Oleh: Kavadya Syska, S.P., M.Si. (Dosen Bidang Teknologi Pangan – Food Technologist, Universitas Nahdlatul Ulama)
Salvia hispanica, atau yang lebih dikenal sebagai chia, adalah salah satu tanaman yang dijuluki sebagai “superfood” karena memiliki manfaat kesehatan yang luar biasa. Dalam dunia pertanian, chia juga berpotensi menjadi tanaman penghasil minyak dan tanaman obat industri. Namun, salah satu tantangan yang dihadapi dalam pengembangan chia adalah sensitivitasnya terhadap salinitas tinggi, yang dapat menghambat perkecambahan dan pertumbuhan bibit. Meskipun tanaman ini diketahui memiliki toleransi sedang terhadap garam, penting untuk memahami lebih dalam bagaimana enzim antioksidan, senyawa bioaktif, dan respons ekofisiologis lainnya berperan dalam toleransi terhadap salinitas.

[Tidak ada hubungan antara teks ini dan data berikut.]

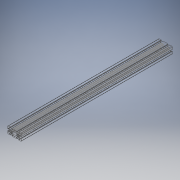
# Autodesk Inventor part: 1530-S
Saved by Autodesk Inventor 2019 (Build 230136000, 136)
## iProperties
Company: 80/20 Inc.
Created: 2013-09-06
Part Number: 1530-S
Material: Generic
Document SubType Name: Modeling
Density: 1 g/cm^3
Catalog Web Link: 8020.net
Vendor: 80/20 Inc.
Engineer: Ross Bowman
Appearance: Black
Author: Ross Bowman
Keywords: T-Slot, Extrusion, 80/20, 8020, Quick Frame, HT
Autodesk Inventor part; units mm, degrees
ref_plane "YZ Plane" through (0, 0, 0) normal (1, 0, 0) x (0, 1, 0)
ref_plane "XZ Plane" through (0, 0, 0) normal (0, 1, 0) x (-1, 0, 0)
ref_plane "XY Plane" through (0, 0, 0) normal (0, 0, 1) x (1, 0, 0)
sketch "Sketch1" plane through (0, 0, 0) normal (0, 0, 1) x (1, 0, 0)
  arc A0 (-21.6898, 4.2456) -> (-23.2956, 2.6398) centre (-22.5851, 3.5351) ccw
  line L0 (-20.4064, 2.9729) -> (-21.6898, 4.2456)
  arc A1 (-17.6936, 2.9729) -> (-20.4064, 2.9729) centre (-19.05, 0) ccw
  line L1 (-16.3231, 4.3433) -> (-17.6936, 2.9729)
  arc A2 (-14.7067, 2.7269) -> (-16.3231, 4.3433) centre (-15.5149, 3.5351) ccw
  line L2 (-16.0771, 1.3564) -> (-14.7067, 2.7269)
  arc A3 (-16.0771, -1.3564) -> (-16.0771, 1.3564) centre (-19.05, 0) ccw
  line L3 (-14.7067, -2.7269) -> (-16.0771, -1.3564)
  arc A4 (-16.3231, -4.3433) -> (-14.7067, -2.7269) centre (-15.5149, -3.5351) ccw
  line L4 (-17.6936, -2.9729) -> (-16.3231, -4.3433)
  arc A5 (-20.4064, -2.9729) -> (-17.6936, -2.9729) centre (-19.05, 0) ccw
  line L5 (-21.7769, -4.3433) -> (-20.4064, -2.9729)
  arc A6 (-23.3933, -2.7269) -> (-21.7769, -4.3433) centre (-22.5851, -3.5351) ccw
  line L6 (-22.0229, -1.3564) -> (-23.3933, -2.7269)
  arc A7 (-22.0229, 1.3564) -> (-22.0229, -1.3564) centre (-19.05, 0) ccw
  line L7 (-23.2956, 2.6398) -> (-22.0229, 1.3564)
  arc A8 (2.0655, 14.1109) -> (-2.0655, 14.1109) centre (0, 12.0454) ccw
  line L8 (10.7892, 5.3872) -> (2.0655, 14.1109)
  arc A9 (12.1803, 2.0285) -> (10.7892, 5.3872) centre (7.4305, 2.0285) ccw
  line L9 (12.1803, -2.0285) -> (12.1803, 2.0285)
  arc A10 (10.7892, -5.3872) -> (12.1803, -2.0285) centre (7.4305, -2.0285) ccw
  line L10 (2.0655, -14.1109) -> (10.7892, -5.3872)
  arc A11 (-2.0655, -14.1109) -> (2.0655, -14.1109) centre (0, -12.0454) ccw
  line L11 (-10.7892, -5.3872) -> (-2.0655, -14.1109)
  arc A12 (-12.1803, -2.0285) -> (-10.7892, -5.3872) centre (-7.4305, -2.0285) ccw
  line L12 (-12.1803, 2.0285) -> (-12.1803, -2.0285)
  arc A13 (-10.7892, 5.3872) -> (-12.1803, 2.0285) centre (-7.4305, 2.0285) ccw
  line L13 (-2.0655, 14.1109) -> (-10.7892, 5.3872)
  arc A14 (16.4102, 4.2456) -> (14.8044, 2.6398) centre (15.5149, 3.5351) ccw
  line L14 (17.6936, 2.9729) -> (16.4102, 4.2456)
  arc A15 (20.4064, 2.9729) -> (17.6936, 2.9729) centre (19.05, 0) ccw
  line L15 (21.7769, 4.3433) -> (20.4064, 2.9729)
  arc A16 (23.3933, 2.7269) -> (21.7769, 4.3433) centre (22.5851, 3.5351) ccw
  line L16 (22.0229, 1.3564) -> (23.3933, 2.7269)
  arc A17 (22.0229, -1.3564) -> (22.0229, 1.3564) centre (19.05, 0) ccw
  line L17 (23.3933, -2.7269) -> (22.0229, -1.3564)
  arc A18 (21.7769, -4.3433) -> (23.3933, -2.7269) centre (22.5851, -3.5351) ccw
  line L18 (20.4064, -2.9729) -> (21.7769, -4.3433)
  arc A19 (17.6936, -2.9729) -> (20.4064, -2.9729) centre (19.05, 0) ccw
  line L19 (16.3231, -4.3433) -> (17.6936, -2.9729)
  arc A20 (14.7067, -2.7269) -> (16.3231, -4.3433) centre (15.5149, -3.5351) ccw
  line L20 (16.0771, -1.3564) -> (14.7067, -2.7269)
  arc A21 (16.0771, 1.3564) -> (16.0771, -1.3564) centre (19.05, 0) ccw
  line L21 (14.8044, 2.6398) -> (16.0771, 1.3564)
  arc A22 (-24.6888, 14.986) -> (-23.114, 16.5608) centre (-24.6888, 16.5608) ccw
  line L22 (-23.114, 16.5608) -> (-23.114, 17.4752)
  arc A23 (-23.114, 17.4752) -> (-24.6888, 19.05) centre (-24.6888, 17.4752) ccw
  line L23 (-24.6888, 19.05) -> (-34.925, 19.05)
  arc A24 (-34.925, 19.05) -> (-38.1, 15.875) centre (-34.925, 15.875) ccw
  line L24 (-38.1, 15.875) -> (-38.1, 5.6388)
  arc A25 (-38.1, 5.6388) -> (-36.5252, 4.064) centre (-36.5252, 5.6388) ccw
  line L25 (-36.5252, 4.064) -> (-35.6108, 4.064)
  arc A26 (-35.6108, 4.064) -> (-34.036, 5.6388) centre (-35.6108, 5.6388) ccw
  line L26 (-34.036, 5.6388) -> (-34.036, 9.398)
  arc A27 (-33.147, 10.287) -> (-34.036, 9.398) centre (-33.147, 9.398) ccw
  line L27 (-33.147, 10.287) -> (-32.5789, 10.287)
  arc A28 (-31.9503, 10.0266) -> (-32.5789, 10.287) centre (-32.5789, 9.398) ccw
  line L28 (-31.9503, 10.0266) -> (-27.3108, 5.3872)
  arc A29 (-25.9197, 2.0285) -> (-27.3108, 5.3872) centre (-30.6695, 2.0285) ccw
  line L29 (-25.9197, 2.0285) -> (-25.9197, -2.0285)
  arc A30 (-27.3108, -5.3872) -> (-25.9197, -2.0285) centre (-30.6695, -2.0285) ccw
  line L30 (-27.3108, -5.3872) -> (-31.9503, -10.0266)
  arc A31 (-32.5789, -10.287) -> (-31.9503, -10.0266) centre (-32.5789, -9.398) ccw
  line L31 (-32.5789, -10.287) -> (-33.147, -10.287)
  arc A32 (-34.036, -9.398) -> (-33.147, -10.287) centre (-33.147, -9.398) ccw
  line L32 (-34.036, -9.398) -> (-34.036, -5.6388)
  arc A33 (-34.036, -5.6388) -> (-35.6108, -4.064) centre (-35.6108, -5.6388) ccw
  line L33 (-35.6108, -4.064) -> (-36.5252, -4.064)
  arc A34 (-36.5252, -4.064) -> (-38.1, -5.6388) centre (-36.5252, -5.6388) ccw
  line L34 (-38.1, -5.6388) -> (-38.1, -15.875)
  arc A35 (-38.1, -15.875) -> (-34.925, -19.05) centre (-34.925, -15.875) ccw
  line L35 (-34.925, -19.05) -> (-24.6888, -19.05)
  arc A36 (-24.6888, -19.05) -> (-23.114, -17.4752) centre (-24.6888, -17.4752) ccw
  line L36 (-23.114, -17.4752) -> (-23.114, -16.5608)
  arc A37 (-23.114, -16.5608) -> (-24.6888, -14.986) centre (-24.6888, -16.5608) ccw
  line L37 (-24.6888, -14.986) -> (-28.448, -14.986)
  arc A38 (-29.337, -14.097) -> (-28.448, -14.986) centre (-28.448, -14.097) ccw
  line L38 (-29.337, -14.097) -> (-29.337, -13.5289)
  arc A39 (-29.0766, -12.9003) -> (-29.337, -13.5289) centre (-28.448, -13.5289) ccw
  line L39 (-29.0766, -12.9003) -> (-24.4372, -8.2608)
  arc A40 (-21.0785, -6.8697) -> (-24.4372, -8.2608) centre (-21.0785, -11.6195) ccw
  line L40 (-21.0785, -6.8697) -> (-17.0215, -6.8697)
  arc A41 (-13.6628, -8.2608) -> (-17.0215, -6.8697) centre (-17.0215, -11.6195) ccw
  line L41 (-13.6628, -8.2608) -> (-9.0234, -12.9003)
  arc A42 (-8.763, -13.5289) -> (-9.0234, -12.9003) centre (-9.652, -13.5289) ccw
  line L42 (-8.763, -13.5289) -> (-8.763, -14.097)
  arc A43 (-9.652, -14.986) -> (-8.763, -14.097) centre (-9.652, -14.097) ccw
  line L43 (-9.652, -14.986) -> (-13.4112, -14.986)
  arc A44 (-13.4112, -14.986) -> (-14.986, -16.5608) centre (-13.4112, -16.5608) ccw
  line L44 (-14.986, -16.5608) -> (-14.986, -17.4752)
  arc A45 (-14.986, -17.4752) -> (-13.4112, -19.05) centre (-13.4112, -17.4752) ccw
  line L45 (-13.4112, -19.05) -> (13.4112, -19.05)
  arc A46 (13.4112, -19.05) -> (14.986, -17.4752) centre (13.4112, -17.4752) ccw
  line L46 (14.986, -17.4752) -> (14.986, -16.5608)
  arc A47 (14.986, -16.5608) -> (13.4112, -14.986) centre (13.4112, -16.5608) ccw
  line L47 (13.4112, -14.986) -> (9.652, -14.986)
  arc A48 (8.763, -14.097) -> (9.652, -14.986) centre (9.652, -14.097) ccw
  line L48 (8.763, -14.097) -> (8.763, -13.5289)
  arc A49 (9.0234, -12.9003) -> (8.763, -13.5289) centre (9.652, -13.5289) ccw
  line L49 (9.0234, -12.9003) -> (13.6628, -8.2608)
  arc A50 (17.0215, -6.8697) -> (13.6628, -8.2608) centre (17.0215, -11.6195) ccw
  line L50 (17.0215, -6.8697) -> (21.0785, -6.8697)
  arc A51 (24.4372, -8.2608) -> (21.0785, -6.8697) centre (21.0785, -11.6195) ccw
  line L51 (24.4372, -8.2608) -> (29.0766, -12.9003)
  arc A52 (29.337, -13.5289) -> (29.0766, -12.9003) centre (28.448, -13.5289) ccw
  line L52 (29.337, -13.5289) -> (29.337, -14.097)
  arc A53 (28.448, -14.986) -> (29.337, -14.097) centre (28.448, -14.097) ccw
  line L53 (28.448, -14.986) -> (24.6888, -14.986)
  arc A54 (24.6888, -14.986) -> (23.114, -16.5608) centre (24.6888, -16.5608) ccw
  line L54 (23.114, -16.5608) -> (23.114, -17.4752)
  arc A55 (23.114, -17.4752) -> (24.6888, -19.05) centre (24.6888, -17.4752) ccw
  line L55 (24.6888, -19.05) -> (34.925, -19.05)
  arc A56 (34.925, -19.05) -> (38.1, -15.875) centre (34.925, -15.875) ccw
  line L56 (38.1, -15.875) -> (38.1, -5.6388)
  arc A57 (38.1, -5.6388) -> (36.5252, -4.064) centre (36.5252, -5.6388) ccw
  line L57 (36.5252, -4.064) -> (35.6108, -4.064)
  arc A58 (35.6108, -4.064) -> (34.036, -5.6388) centre (35.6108, -5.6388) ccw
  line L58 (34.036, -5.6388) -> (34.036, -9.398)
  arc A59 (33.147, -10.287) -> (34.036, -9.398) centre (33.147, -9.398) ccw
  line L59 (33.147, -10.287) -> (32.5789, -10.287)
  arc A60 (31.9503, -10.0266) -> (32.5789, -10.287) centre (32.5789, -9.398) ccw
  line L60 (31.9503, -10.0266) -> (27.3108, -5.3872)
  arc A61 (25.9197, -2.0285) -> (27.3108, -5.3872) centre (30.6695, -2.0285) ccw
  line L61 (25.9197, -2.0285) -> (25.9197, 2.0285)
  arc A62 (27.3108, 5.3872) -> (25.9197, 2.0285) centre (30.6695, 2.0285) ccw
  line L62 (27.3108, 5.3872) -> (31.9503, 10.0266)
  arc A63 (32.5789, 10.287) -> (31.9503, 10.0266) centre (32.5789, 9.398) ccw
  line L63 (32.5789, 10.287) -> (33.147, 10.287)
  arc A64 (34.036, 9.398) -> (33.147, 10.287) centre (33.147, 9.398) ccw
  line L64 (34.036, 9.398) -> (34.036, 5.6388)
  arc A65 (34.036, 5.6388) -> (35.6108, 4.064) centre (35.6108, 5.6388) ccw
  line L65 (35.6108, 4.064) -> (36.5252, 4.064)
  arc A66 (36.5252, 4.064) -> (38.1, 5.6388) centre (36.5252, 5.6388) ccw
  line L66 (38.1, 5.6388) -> (38.1, 15.875)
  arc A67 (38.1, 15.875) -> (34.925, 19.05) centre (34.925, 15.875) ccw
  line L67 (34.925, 19.05) -> (24.6888, 19.05)
  arc A68 (24.6888, 19.05) -> (23.114, 17.4752) centre (24.6888, 17.4752) ccw
  line L68 (23.114, 17.4752) -> (23.114, 16.5608)
  arc A69 (23.114, 16.5608) -> (24.6888, 14.986) centre (24.6888, 16.5608) ccw
  line L69 (24.6888, 14.986) -> (28.448, 14.986)
  arc A70 (29.337, 14.097) -> (28.448, 14.986) centre (28.448, 14.097) ccw
  line L70 (29.337, 14.097) -> (29.337, 13.5289)
  arc A71 (29.0766, 12.9003) -> (29.337, 13.5289) centre (28.448, 13.5289) ccw
  line L71 (29.0766, 12.9003) -> (24.4372, 8.2608)
  arc A72 (21.0785, 6.8697) -> (24.4372, 8.2608) centre (21.0785, 11.6195) ccw
  line L72 (21.0785, 6.8697) -> (17.0215, 6.8697)
  arc A73 (13.6628, 8.2608) -> (17.0215, 6.8697) centre (17.0215, 11.6195) ccw
  line L73 (13.6628, 8.2608) -> (9.0234, 12.9003)
  arc A74 (8.763, 13.5289) -> (9.0234, 12.9003) centre (9.652, 13.5289) ccw
  line L74 (8.763, 13.5289) -> (8.763, 14.097)
  arc A75 (9.652, 14.986) -> (8.763, 14.097) centre (9.652, 14.097) ccw
  line L75 (9.652, 14.986) -> (13.4112, 14.986)
  arc A76 (13.4112, 14.986) -> (14.986, 16.5608) centre (13.4112, 16.5608) ccw
  line L76 (14.986, 16.5608) -> (14.986, 17.4752)
  arc A77 (14.986, 17.4752) -> (13.4112, 19.05) centre (13.4112, 17.4752) ccw
  line L77 (13.4112, 19.05) -> (-13.4112, 19.05)
  arc A78 (-13.4112, 19.05) -> (-14.986, 17.4752) centre (-13.4112, 17.4752) ccw
  line L78 (-14.986, 17.4752) -> (-14.986, 16.5608)
  arc A79 (-14.986, 16.5608) -> (-13.4112, 14.986) centre (-13.4112, 16.5608) ccw
  line L79 (-13.4112, 14.986) -> (-9.652, 14.986)
  arc A80 (-8.763, 14.097) -> (-9.652, 14.986) centre (-9.652, 14.097) ccw
  line L80 (-8.763, 14.097) -> (-8.763, 13.5289)
  arc A81 (-9.0234, 12.9003) -> (-8.763, 13.5289) centre (-9.652, 13.5289) ccw
  line L81 (-9.0234, 12.9003) -> (-13.6628, 8.2608)
  arc A82 (-17.0215, 6.8697) -> (-13.6628, 8.2608) centre (-17.0215, 11.6195) ccw
  line L82 (-17.0215, 6.8697) -> (-21.0785, 6.8697)
  arc A83 (-24.4372, 8.2608) -> (-21.0785, 6.8697) centre (-21.0785, 11.6195) ccw
  line L83 (-24.4372, 8.2608) -> (-29.0766, 12.9003)
  arc A84 (-29.337, 13.5289) -> (-29.0766, 12.9003) centre (-28.448, 13.5289) ccw
  line L84 (-29.337, 13.5289) -> (-29.337, 14.097)
  arc A85 (-28.448, 14.986) -> (-29.337, 14.097) centre (-28.448, 14.097) ccw
  line L85 (-28.448, 14.986) -> (-24.6888, 14.986)
  point P0 (0, 0)
  constraints: 172 end point, 172 point on circle, 86 centre point
extrude "Extrusion1" add sketch "Sketch1" against normal blind 838.2
body "Solid1"

Penelitian ini terdiri dari dua eksperimen yang dirancang secara acak dengan tiga replikasi untuk mengevaluasi toleransi chia terhadap salinitas. Pada eksperimen pertama, berbagai parameter perkecambahan, seperti persentase akhir perkecambahan, waktu rata-rata perkecambahan, laju perkecambahan, serta aktivitas enzim antioksidan diukur pada enam konsentrasi natrium klorida (NaCl), mulai dari 0 hingga 250 mM. Hasilnya menunjukkan bahwa salinitas secara signifikan mempengaruhi hampir semua parameter, kecuali kandungan air bibit dan efisiensi penggunaan air untuk fotosintesis pada tahap bibit. Waktu perkecambahan rata-rata meningkat sebesar 77,2% pada konsentrasi 200 mM NaCl dibandingkan kontrol, menandakan perlambatan proses perkecambahan di bawah kondisi salinitas tinggi.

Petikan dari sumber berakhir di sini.